**Record set**
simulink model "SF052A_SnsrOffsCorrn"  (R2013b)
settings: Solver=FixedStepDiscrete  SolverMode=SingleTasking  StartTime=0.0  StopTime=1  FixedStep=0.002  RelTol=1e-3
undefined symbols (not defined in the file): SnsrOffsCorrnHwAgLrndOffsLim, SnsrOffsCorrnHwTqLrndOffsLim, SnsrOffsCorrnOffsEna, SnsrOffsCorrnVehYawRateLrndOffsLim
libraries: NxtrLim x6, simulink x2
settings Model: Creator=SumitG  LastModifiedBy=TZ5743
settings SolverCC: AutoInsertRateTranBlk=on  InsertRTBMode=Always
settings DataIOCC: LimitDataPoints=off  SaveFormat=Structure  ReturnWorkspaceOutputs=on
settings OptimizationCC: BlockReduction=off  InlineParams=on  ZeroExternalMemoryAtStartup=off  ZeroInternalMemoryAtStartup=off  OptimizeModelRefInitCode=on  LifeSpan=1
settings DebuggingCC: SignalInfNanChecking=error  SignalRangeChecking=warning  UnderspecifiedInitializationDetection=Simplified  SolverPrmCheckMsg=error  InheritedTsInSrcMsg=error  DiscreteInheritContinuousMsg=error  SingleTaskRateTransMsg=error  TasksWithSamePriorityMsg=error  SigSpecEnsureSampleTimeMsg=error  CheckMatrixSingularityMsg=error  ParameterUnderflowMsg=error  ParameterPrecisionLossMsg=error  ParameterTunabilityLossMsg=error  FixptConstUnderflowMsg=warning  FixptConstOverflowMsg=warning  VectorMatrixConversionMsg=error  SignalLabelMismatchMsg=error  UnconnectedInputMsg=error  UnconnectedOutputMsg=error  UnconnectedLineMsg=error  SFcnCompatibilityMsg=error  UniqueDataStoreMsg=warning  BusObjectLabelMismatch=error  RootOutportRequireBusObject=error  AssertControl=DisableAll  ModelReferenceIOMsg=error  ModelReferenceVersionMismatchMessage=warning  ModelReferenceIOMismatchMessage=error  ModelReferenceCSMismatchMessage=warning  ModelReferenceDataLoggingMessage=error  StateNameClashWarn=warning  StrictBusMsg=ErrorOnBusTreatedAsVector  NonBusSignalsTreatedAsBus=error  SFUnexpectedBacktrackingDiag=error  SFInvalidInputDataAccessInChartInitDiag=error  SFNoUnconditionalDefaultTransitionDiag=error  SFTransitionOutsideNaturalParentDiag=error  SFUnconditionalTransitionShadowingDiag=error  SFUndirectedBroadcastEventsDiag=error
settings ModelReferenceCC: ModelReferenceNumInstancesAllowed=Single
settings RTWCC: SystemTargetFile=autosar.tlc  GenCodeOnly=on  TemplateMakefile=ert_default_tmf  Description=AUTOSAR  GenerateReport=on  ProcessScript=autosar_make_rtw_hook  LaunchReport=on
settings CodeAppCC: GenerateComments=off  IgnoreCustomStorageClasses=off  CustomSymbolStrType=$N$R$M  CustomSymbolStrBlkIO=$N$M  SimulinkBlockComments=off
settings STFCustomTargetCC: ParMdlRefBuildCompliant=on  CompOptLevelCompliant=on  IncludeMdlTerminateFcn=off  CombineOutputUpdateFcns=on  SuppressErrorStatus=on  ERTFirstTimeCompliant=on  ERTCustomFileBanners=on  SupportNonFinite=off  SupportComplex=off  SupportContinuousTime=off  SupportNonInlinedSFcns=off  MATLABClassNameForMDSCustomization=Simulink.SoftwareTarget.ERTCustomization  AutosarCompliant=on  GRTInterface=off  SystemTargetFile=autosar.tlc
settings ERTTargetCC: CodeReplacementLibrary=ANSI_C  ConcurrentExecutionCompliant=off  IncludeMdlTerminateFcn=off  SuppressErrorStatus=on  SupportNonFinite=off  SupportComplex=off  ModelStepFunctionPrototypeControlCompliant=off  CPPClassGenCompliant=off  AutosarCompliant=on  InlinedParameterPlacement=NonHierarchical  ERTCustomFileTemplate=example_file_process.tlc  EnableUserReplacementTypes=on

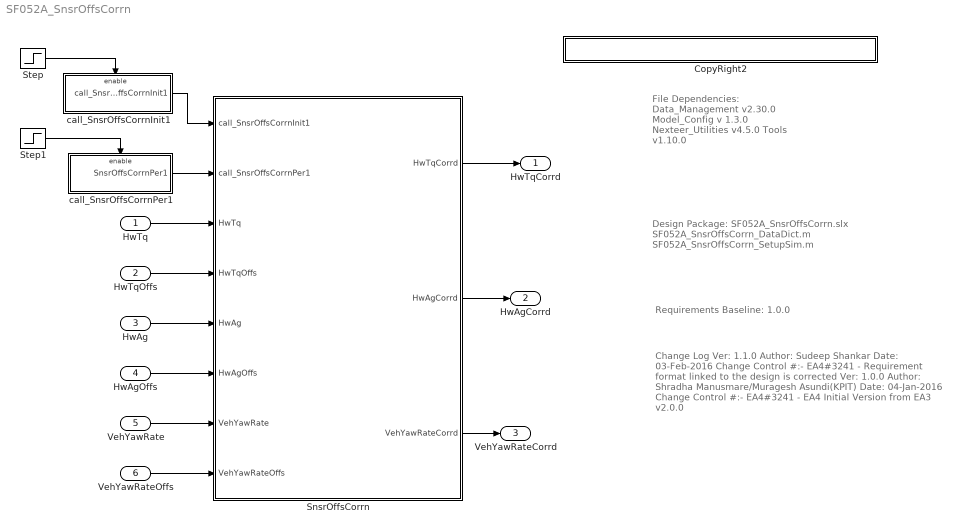
== system SF052A_SnsrOffsCorrn ==
  note: File Dependencies:
      |
      | Data_Management v2.30.0
      | Model_Config v 1.3.0
      | Nexteer_Utilities v4.5.0
      | Tools v1.10.0
  note: Requirements Baseline: 1.0.0
  note: Design Package:
      | SF052A_SnsrOffsCorrn.slx
      | SF052A_SnsrOffsCorrn_DataDict.m
      | SF052A_SnsrOffsCorrn_SetupSim.m
  note: Change Log
      |
      | Ver: 1.1.0
      | Author: Sudeep Shankar
      | Date: 03-Feb-2016
      | Change Control #:- EA4#3241
      | - Requirement format linked to the design is corrected
      |
      | Ver: 1.0.0
      | Author: Shradha Manusmare/Muragesh Asundi(KPIT)
      | Date: 04-Jan-2016
      | Change Control #:- EA4#3241
      | - EA4 Initial Version from EA3 v2.0.0
  HwTq : Inport  RequirementInfo={} %GIDa_2cd6e272_0df7_4175_9761_7c22e4c47b1c
  HwTqOffs : Inport  RequirementInfo={} %GIDa_54a2ce7e_9bb3_43b4_b9bf_3347b6fc5bcb  Port=2
  HwAg : Inport  RequirementInfo={} %GIDa_eed449fb_96e4_4476_834f_f50e1c62bf51  Port=3
  HwAgOffs : Inport  RequirementInfo={} %GIDa_50720404_89e5_4c59_9f63_6b50f8eae543  Port=4
  VehYawRate : Inport  RequirementInfo={} %GIDa_c6d0fb8d_2bf0_45a9_af32_27cacd4678ab  Port=5
  VehYawRateOffs : Inport  RequirementInfo={} %GIDa_e4fac660_fc81_4d67_abb0_5d2918f20bf2  Port=6
  CopyRight2 : Subsystem  Description=|  mask(Copyright Information){none=on}
      | Copyright info block.                                               
      |                                                                     
      | Place copyright information at the top of every subsystem in design.
      mask prompts: none "No parameters"
      mask help: Place copyright information at the top of every subsystem in design.
      mask Display:
      | NxtrConf = 'Nexteer Confidential';
      | 
      | sys = bdroot; %handle for the current model ("system")
      | first = get_param(sys,'Created');
      | first = first(end-3:end);  %year is last four digits
      | 
      | last = get_param(sys,'LastModifiedDate');
      | if isempty(last)
      |     last = datestr(now,'yyyy');
      | else
      |     last = last(end-3:end);
      | end
      | 
      | if strcmp(first,last)
      |     fprintf('%s -- Copyright %s Nexteer',NxtrConf,first)
      | else
      |     fprintf('%s -- %s%s- %s Nexteer',NxtrConf,char(169),first,last)
      | end
  SnsrOffsCorrn : Subsystem  RequirementInfo="{'linktype_rmi_doors' '0000bab4 (/E-STEER Core/SubSystem Specifications/Application Functions/SF052A Sensor Offset Correction  v0p2 150831)' '#SF052A_10' 'true' 'REQ:  SF052A_10' '' } %GIDa_ea5d6bfe_7895_439c_b9de_069ac848c9e6"
  Step : Step  Before=1  After=0  SampleTime=0
  Step1 : Step  SampleTime=0
  call_SnsrOffsCorrnInit1 : Subsystem  TreatAsAtomicUnit=on
  call_SnsrOffsCorrnPer1 : Subsystem  TreatAsAtomicUnit=on
  HwTqCorrd : Outport
  HwAgCorrd : Outport  Port=2
  VehYawRateCorrd : Outport  Port=3
  wires:
  SnsrOffsCorrn/3(VehYawRateCorrd) -> VehYawRateCorrd/1
  SnsrOffsCorrn/2(HwAgCorrd) -> HwAgCorrd/1
  SnsrOffsCorrn/1(HwTqCorrd) -> HwTqCorrd/1
  call_SnsrOffsCorrnInit1/1(call_SnsrOffsCorrnInit1) -> SnsrOffsCorrn/1(call_SnsrOffsCorrnInit1)
  HwAgOffs/1 -> SnsrOffsCorrn/6(HwAgOffs)
  VehYawRateOffs/1 -> SnsrOffsCorrn/8(VehYawRateOffs)
  VehYawRate/1 -> SnsrOffsCorrn/7(VehYawRate)
  HwAg/1 -> SnsrOffsCorrn/5(HwAg)
  HwTqOffs/1 -> SnsrOffsCorrn/4(HwTqOffs)
  HwTq/1 -> SnsrOffsCorrn/3(HwTq)
  Step/1 -> call_SnsrOffsCorrnInit1/Enable
  call_SnsrOffsCorrnPer1/1(SnsrOffsCorrnPer1) -> SnsrOffsCorrn/2(call_SnsrOffsCorrnPer1)
  Step1/1 -> call_SnsrOffsCorrnPer1/Enable

== system SF052A_SnsrOffsCorrn/CopyRight2 ==

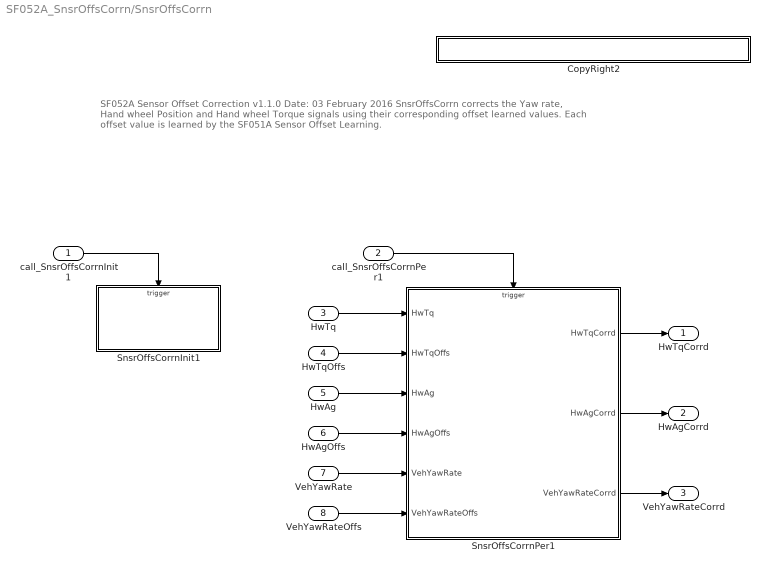
== system SF052A_SnsrOffsCorrn/SnsrOffsCorrn ==
  note: SF052A  Sensor Offset Correction
      | v1.1.0 								                                                                     Date: 03 February 2016
      |
      | SnsrOffsCorrn corrects the Yaw rate, Hand wheel Position and Hand wheel Torque signals using their
      | corresponding offset learned values. Each offset value is learned by the SF051A Sensor Offset Learning.
  call_SnsrOffsCorrnInit1 : Inport
  call_SnsrOffsCorrnPer1 : Inport  RequirementInfo="{'linktype_rmi_doors' '0000bab4 (/E-STEER Core/SubSystem Specifications/Application Functions/SF052A Sensor Offset Correction  v0p2 150831)' '#SF052A_56' 'true' 'REQ:  SF052A_56' '' } %GIDa_c7ebcd4c_7a0e_430e_914f_69a33bdc4f8e"  Port=2
  HwTq : Inport  RequirementInfo="{'linktype_rmi_doors' '0000bab4 (/E-STEER Core/SubSystem Specifications/Application Functions/SF052A Sensor Offset Correction  v0p2 150831)' '#SF052A_10' 'true' 'REQ:  SF052A_10' '' } %GIDa_886c7520_3b64_4a4e_b91f_bd52fc6cdafc"  Port=3
  HwTqOffs : Inport  RequirementInfo="{'linktype_rmi_doors' '0000bab4 (/E-STEER Core/SubSystem Specifications/Application Functions/SF052A Sensor Offset Correction  v0p2 150831)' '#SF052A_13' 'true' 'REQ:  SF052A_13' '' } %GIDa_0789263f_55f5_4e30_882e_ed1743b93406"  Port=4
  HwAg : Inport  RequirementInfo="{'linktype_rmi_doors' '0000bab4 (/E-STEER Core/SubSystem Specifications/Application Functions/SF052A Sensor Offset Correction  v0p2 150831)' '#SF052A_11' 'true' 'REQ:  SF052A_11' '' } %GIDa_98e8cd6b_ab1c_44ad_b544_e07a839ca543"  Port=5
  HwAgOffs : Inport  RequirementInfo="{'linktype_rmi_doors' '0000bab4 (/E-STEER Core/SubSystem Specifications/Application Functions/SF052A Sensor Offset Correction  v0p2 150831)' '#SF052A_14' 'true' 'REQ:  SF052A_14' '' } %GIDa_35d31cf1_93f6_46eb_aefe_bfa7895b93aa"  Port=6
  VehYawRate : Inport  RequirementInfo="{'linktype_rmi_doors' '0000bab4 (/E-STEER Core/SubSystem Specifications/Application Functions/SF052A Sensor Offset Correction  v0p2 150831)' '#SF052A_12' 'true' 'REQ:  SF052A_12' '' } %GIDa_f163533a_1fd4_4cf7_966b_304b3abdf020"  Port=7
  VehYawRateOffs : Inport  RequirementInfo="{'linktype_rmi_doors' '0000bab4 (/E-STEER Core/SubSystem Specifications/Application Functions/SF052A Sensor Offset Correction  v0p2 150831)' '#SF052A_15' 'true' 'REQ:  SF052A_15' '' } %GIDa_349c3e39_d0d8_4839_8edd_a04b0f97528a"  Port=8
  CopyRight2 : Subsystem  Description=|  mask(Copyright Information){none=on}
      | Copyright info block.                                               
      |                                                                     
      | Place copyright information at the top of every subsystem in design.
      mask prompts: none "No parameters"
      mask help: Place copyright information at the top of every subsystem in design.
      mask Display:
      | NxtrConf = 'Nexteer Confidential';
      | 
      | sys = bdroot; %handle for the current model ("system")
      | first = get_param(sys,'Created');
      | first = first(end-3:end);  %year is last four digits
      | 
      | last = get_param(sys,'LastModifiedDate');
      | if isempty(last)
      |     last = datestr(now,'yyyy');
      | else
      |     last = last(end-3:end);
      | end
      | 
      | if strcmp(first,last)
      |     fprintf('%s -- Copyright %s Nexteer',NxtrConf,first)
      | else
      |     fprintf('%s -- %s%s- %s Nexteer',NxtrConf,char(169),first,last)
      | end
  SnsrOffsCorrnInit1 : Subsystem  TreatAsAtomicUnit=on
  SnsrOffsCorrnPer1 : Subsystem  TreatAsAtomicUnit=on
  HwTqCorrd : Outport  RequirementInfo="{'linktype_rmi_doors' '0000bab4 (/E-STEER Core/SubSystem Specifications/Application Functions/SF052A Sensor Offset Correction  v0p2 150831)' '#SF052A_17' 'true' 'REQ:  SF052A_17' '' } %GIDa_182c97d9_5f7d_4d89_81b8_b7d4c7ce856d"
  HwAgCorrd : Outport  RequirementInfo="{'linktype_rmi_doors' '0000bab4 (/E-STEER Core/SubSystem Specifications/Application Functions/SF052A Sensor Offset Correction  v0p2 150831)' '#SF052A_18' 'true' 'REQ:  SF052A_18' '' } %GIDa_122c88ba_5244_46f5_838e_7cffdb4a64bf"  Port=2
  VehYawRateCorrd : Outport  RequirementInfo="{'linktype_rmi_doors' '0000bab4 (/E-STEER Core/SubSystem Specifications/Application Functions/SF052A Sensor Offset Correction  v0p2 150831)' '#SF052A_19' 'true' 'REQ:  SF052A_19' '' } %GIDa_98fd8efd_54d6_4bd4_9a2d_dfa8e7aa3144"  Port=3
  wires:
  call_SnsrOffsCorrnPer1/1 -> SnsrOffsCorrnPer1/Trigger
  SnsrOffsCorrnPer1/1(HwTqCorrd) -> HwTqCorrd/1
  SnsrOffsCorrnPer1/2(HwAgCorrd) -> HwAgCorrd/1
  SnsrOffsCorrnPer1/3(VehYawRateCorrd) -> VehYawRateCorrd/1
  VehYawRateOffs/1 -> SnsrOffsCorrnPer1/6(VehYawRateOffs)
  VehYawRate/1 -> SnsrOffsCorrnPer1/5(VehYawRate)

**Brief**
Print only the lines from the top of the data above down to the line holding "settings OptimizationCC: BlockReduction=off", inclusive.

**Result of this exercise**
simulink model "SF052A_SnsrOffsCorrn"  (R2013b)
settings: Solver=FixedStepDiscrete  SolverMode=SingleTasking  StartTime=0.0  StopTime=1  FixedStep=0.002  RelTol=1e-3
undefined symbols (not defined in the file): SnsrOffsCorrnHwAgLrndOffsLim, SnsrOffsCorrnHwTqLrndOffsLim, SnsrOffsCorrnOffsEna, SnsrOffsCorrnVehYawRateLrndOffsLim
libraries: NxtrLim x6, simulink x2
settings Model: Creator=SumitG  LastModifiedBy=TZ5743
settings SolverCC: AutoInsertRateTranBlk=on  InsertRTBMode=Always
settings DataIOCC: LimitDataPoints=off  SaveFormat=Structure  ReturnWorkspaceOutputs=on
settings OptimizationCC: BlockReduction=off  InlineParams=on  ZeroExternalMemoryAtStartup=off  ZeroInternalMemoryAtStartup=off  OptimizeModelRefInitCode=on  LifeSpan=1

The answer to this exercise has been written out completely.